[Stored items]

▬▬▬

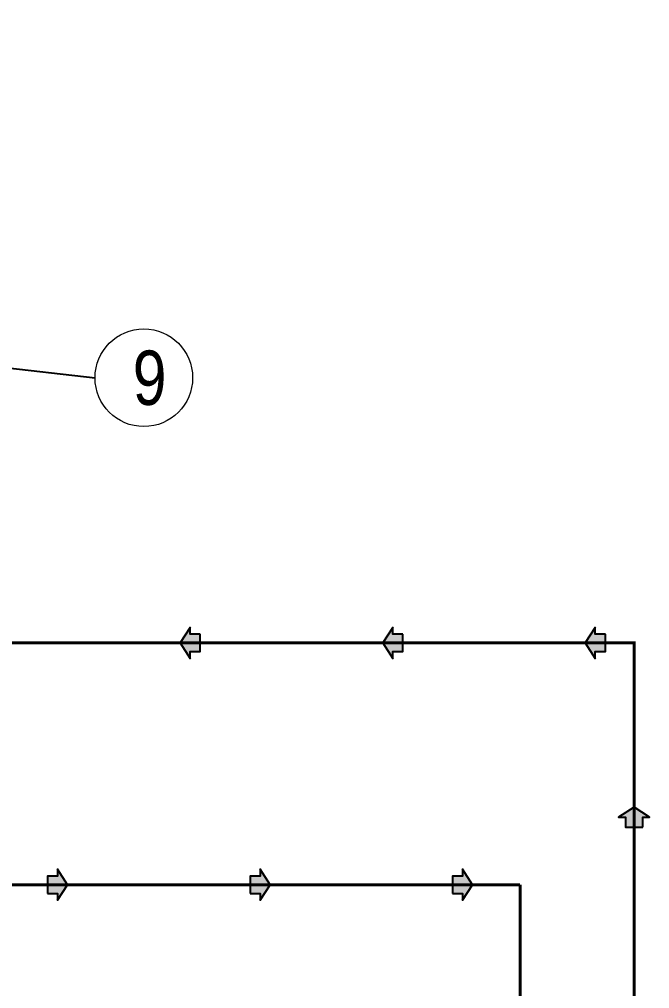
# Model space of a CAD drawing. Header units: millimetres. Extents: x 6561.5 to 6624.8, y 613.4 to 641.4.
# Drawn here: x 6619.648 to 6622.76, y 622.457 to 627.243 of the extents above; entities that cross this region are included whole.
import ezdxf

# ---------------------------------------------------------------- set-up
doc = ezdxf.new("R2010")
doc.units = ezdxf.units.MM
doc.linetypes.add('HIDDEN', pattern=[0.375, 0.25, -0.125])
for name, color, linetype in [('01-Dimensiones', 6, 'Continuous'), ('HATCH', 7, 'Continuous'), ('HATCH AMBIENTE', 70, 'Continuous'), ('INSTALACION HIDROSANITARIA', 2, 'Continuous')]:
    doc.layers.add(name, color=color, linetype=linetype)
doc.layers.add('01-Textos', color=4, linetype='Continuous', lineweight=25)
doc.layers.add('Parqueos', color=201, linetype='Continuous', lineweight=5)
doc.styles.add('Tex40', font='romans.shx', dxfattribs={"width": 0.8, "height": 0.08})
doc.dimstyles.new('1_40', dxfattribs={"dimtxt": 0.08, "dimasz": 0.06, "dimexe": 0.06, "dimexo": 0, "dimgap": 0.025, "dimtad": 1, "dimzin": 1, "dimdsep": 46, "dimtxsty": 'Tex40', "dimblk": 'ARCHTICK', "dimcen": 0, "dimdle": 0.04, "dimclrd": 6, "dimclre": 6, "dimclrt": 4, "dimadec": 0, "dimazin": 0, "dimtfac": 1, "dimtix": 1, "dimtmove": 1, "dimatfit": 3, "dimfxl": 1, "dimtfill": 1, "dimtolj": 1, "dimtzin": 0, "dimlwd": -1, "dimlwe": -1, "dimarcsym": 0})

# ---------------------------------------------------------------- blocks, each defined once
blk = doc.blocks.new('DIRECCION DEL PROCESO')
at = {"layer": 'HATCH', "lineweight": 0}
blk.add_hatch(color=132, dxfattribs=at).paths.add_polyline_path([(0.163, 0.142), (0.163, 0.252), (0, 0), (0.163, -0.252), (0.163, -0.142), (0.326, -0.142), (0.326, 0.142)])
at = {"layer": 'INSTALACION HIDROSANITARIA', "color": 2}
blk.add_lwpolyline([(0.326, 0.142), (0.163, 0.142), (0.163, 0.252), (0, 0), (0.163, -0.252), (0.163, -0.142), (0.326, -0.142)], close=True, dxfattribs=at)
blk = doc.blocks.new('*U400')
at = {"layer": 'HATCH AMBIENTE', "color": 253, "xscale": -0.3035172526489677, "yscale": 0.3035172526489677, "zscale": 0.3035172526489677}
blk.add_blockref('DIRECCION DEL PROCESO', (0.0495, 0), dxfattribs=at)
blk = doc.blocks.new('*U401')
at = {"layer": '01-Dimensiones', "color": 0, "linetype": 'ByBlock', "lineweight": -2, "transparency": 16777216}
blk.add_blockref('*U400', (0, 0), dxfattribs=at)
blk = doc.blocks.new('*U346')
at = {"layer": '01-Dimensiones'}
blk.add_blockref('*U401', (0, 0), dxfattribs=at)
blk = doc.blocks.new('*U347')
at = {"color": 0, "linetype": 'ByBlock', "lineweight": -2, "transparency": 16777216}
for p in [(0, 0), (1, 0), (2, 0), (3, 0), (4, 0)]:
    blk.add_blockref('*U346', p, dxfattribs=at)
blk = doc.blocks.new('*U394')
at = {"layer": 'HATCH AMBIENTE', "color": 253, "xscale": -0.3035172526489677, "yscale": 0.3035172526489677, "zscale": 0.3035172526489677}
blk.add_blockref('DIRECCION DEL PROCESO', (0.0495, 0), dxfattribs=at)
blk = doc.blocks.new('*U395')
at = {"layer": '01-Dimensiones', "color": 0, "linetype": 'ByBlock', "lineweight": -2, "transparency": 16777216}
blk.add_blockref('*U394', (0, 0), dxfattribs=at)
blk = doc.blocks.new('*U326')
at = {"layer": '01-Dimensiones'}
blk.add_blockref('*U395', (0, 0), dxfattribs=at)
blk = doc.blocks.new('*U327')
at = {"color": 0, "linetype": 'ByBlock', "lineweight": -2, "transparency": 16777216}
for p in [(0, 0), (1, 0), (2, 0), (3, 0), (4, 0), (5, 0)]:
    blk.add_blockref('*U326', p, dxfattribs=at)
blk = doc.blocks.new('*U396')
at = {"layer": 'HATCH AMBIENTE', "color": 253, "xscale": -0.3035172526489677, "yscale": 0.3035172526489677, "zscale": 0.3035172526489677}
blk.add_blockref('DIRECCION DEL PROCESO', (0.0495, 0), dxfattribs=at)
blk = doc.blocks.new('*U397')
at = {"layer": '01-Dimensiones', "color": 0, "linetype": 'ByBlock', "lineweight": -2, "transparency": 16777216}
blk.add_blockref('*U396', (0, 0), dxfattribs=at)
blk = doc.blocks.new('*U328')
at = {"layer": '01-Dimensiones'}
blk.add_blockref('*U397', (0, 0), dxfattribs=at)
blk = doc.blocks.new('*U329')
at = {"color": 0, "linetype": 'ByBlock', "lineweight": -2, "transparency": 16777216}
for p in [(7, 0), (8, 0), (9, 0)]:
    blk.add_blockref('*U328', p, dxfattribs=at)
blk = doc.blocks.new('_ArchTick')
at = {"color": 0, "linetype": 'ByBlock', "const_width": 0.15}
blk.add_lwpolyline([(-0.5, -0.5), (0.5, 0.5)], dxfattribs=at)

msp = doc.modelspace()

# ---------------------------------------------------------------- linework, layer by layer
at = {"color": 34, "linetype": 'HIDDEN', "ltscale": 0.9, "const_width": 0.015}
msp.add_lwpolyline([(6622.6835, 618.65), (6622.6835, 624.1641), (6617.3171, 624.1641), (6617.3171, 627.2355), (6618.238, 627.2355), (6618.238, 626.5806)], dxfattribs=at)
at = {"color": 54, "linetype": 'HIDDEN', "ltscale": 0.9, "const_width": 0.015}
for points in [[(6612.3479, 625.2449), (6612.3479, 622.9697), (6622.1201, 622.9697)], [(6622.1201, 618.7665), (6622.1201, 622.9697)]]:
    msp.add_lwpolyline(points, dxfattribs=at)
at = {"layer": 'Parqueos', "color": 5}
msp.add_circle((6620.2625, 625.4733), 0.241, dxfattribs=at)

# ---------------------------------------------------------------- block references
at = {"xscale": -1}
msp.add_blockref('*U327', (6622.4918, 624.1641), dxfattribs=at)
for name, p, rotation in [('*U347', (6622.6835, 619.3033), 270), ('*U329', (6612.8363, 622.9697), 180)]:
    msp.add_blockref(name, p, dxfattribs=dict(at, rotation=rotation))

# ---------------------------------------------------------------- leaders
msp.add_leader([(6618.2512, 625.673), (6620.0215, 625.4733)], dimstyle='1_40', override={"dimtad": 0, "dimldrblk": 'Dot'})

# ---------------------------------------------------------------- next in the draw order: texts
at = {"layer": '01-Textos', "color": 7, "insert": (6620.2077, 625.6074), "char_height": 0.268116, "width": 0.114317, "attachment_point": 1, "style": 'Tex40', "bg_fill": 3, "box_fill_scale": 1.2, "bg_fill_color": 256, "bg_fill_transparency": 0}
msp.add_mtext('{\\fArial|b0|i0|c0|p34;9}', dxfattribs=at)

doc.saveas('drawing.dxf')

▬▬▬

◆ **DIRECTIONS**: Give only the number of lines in the records that include the word "points".

◆ **RESULT**: 2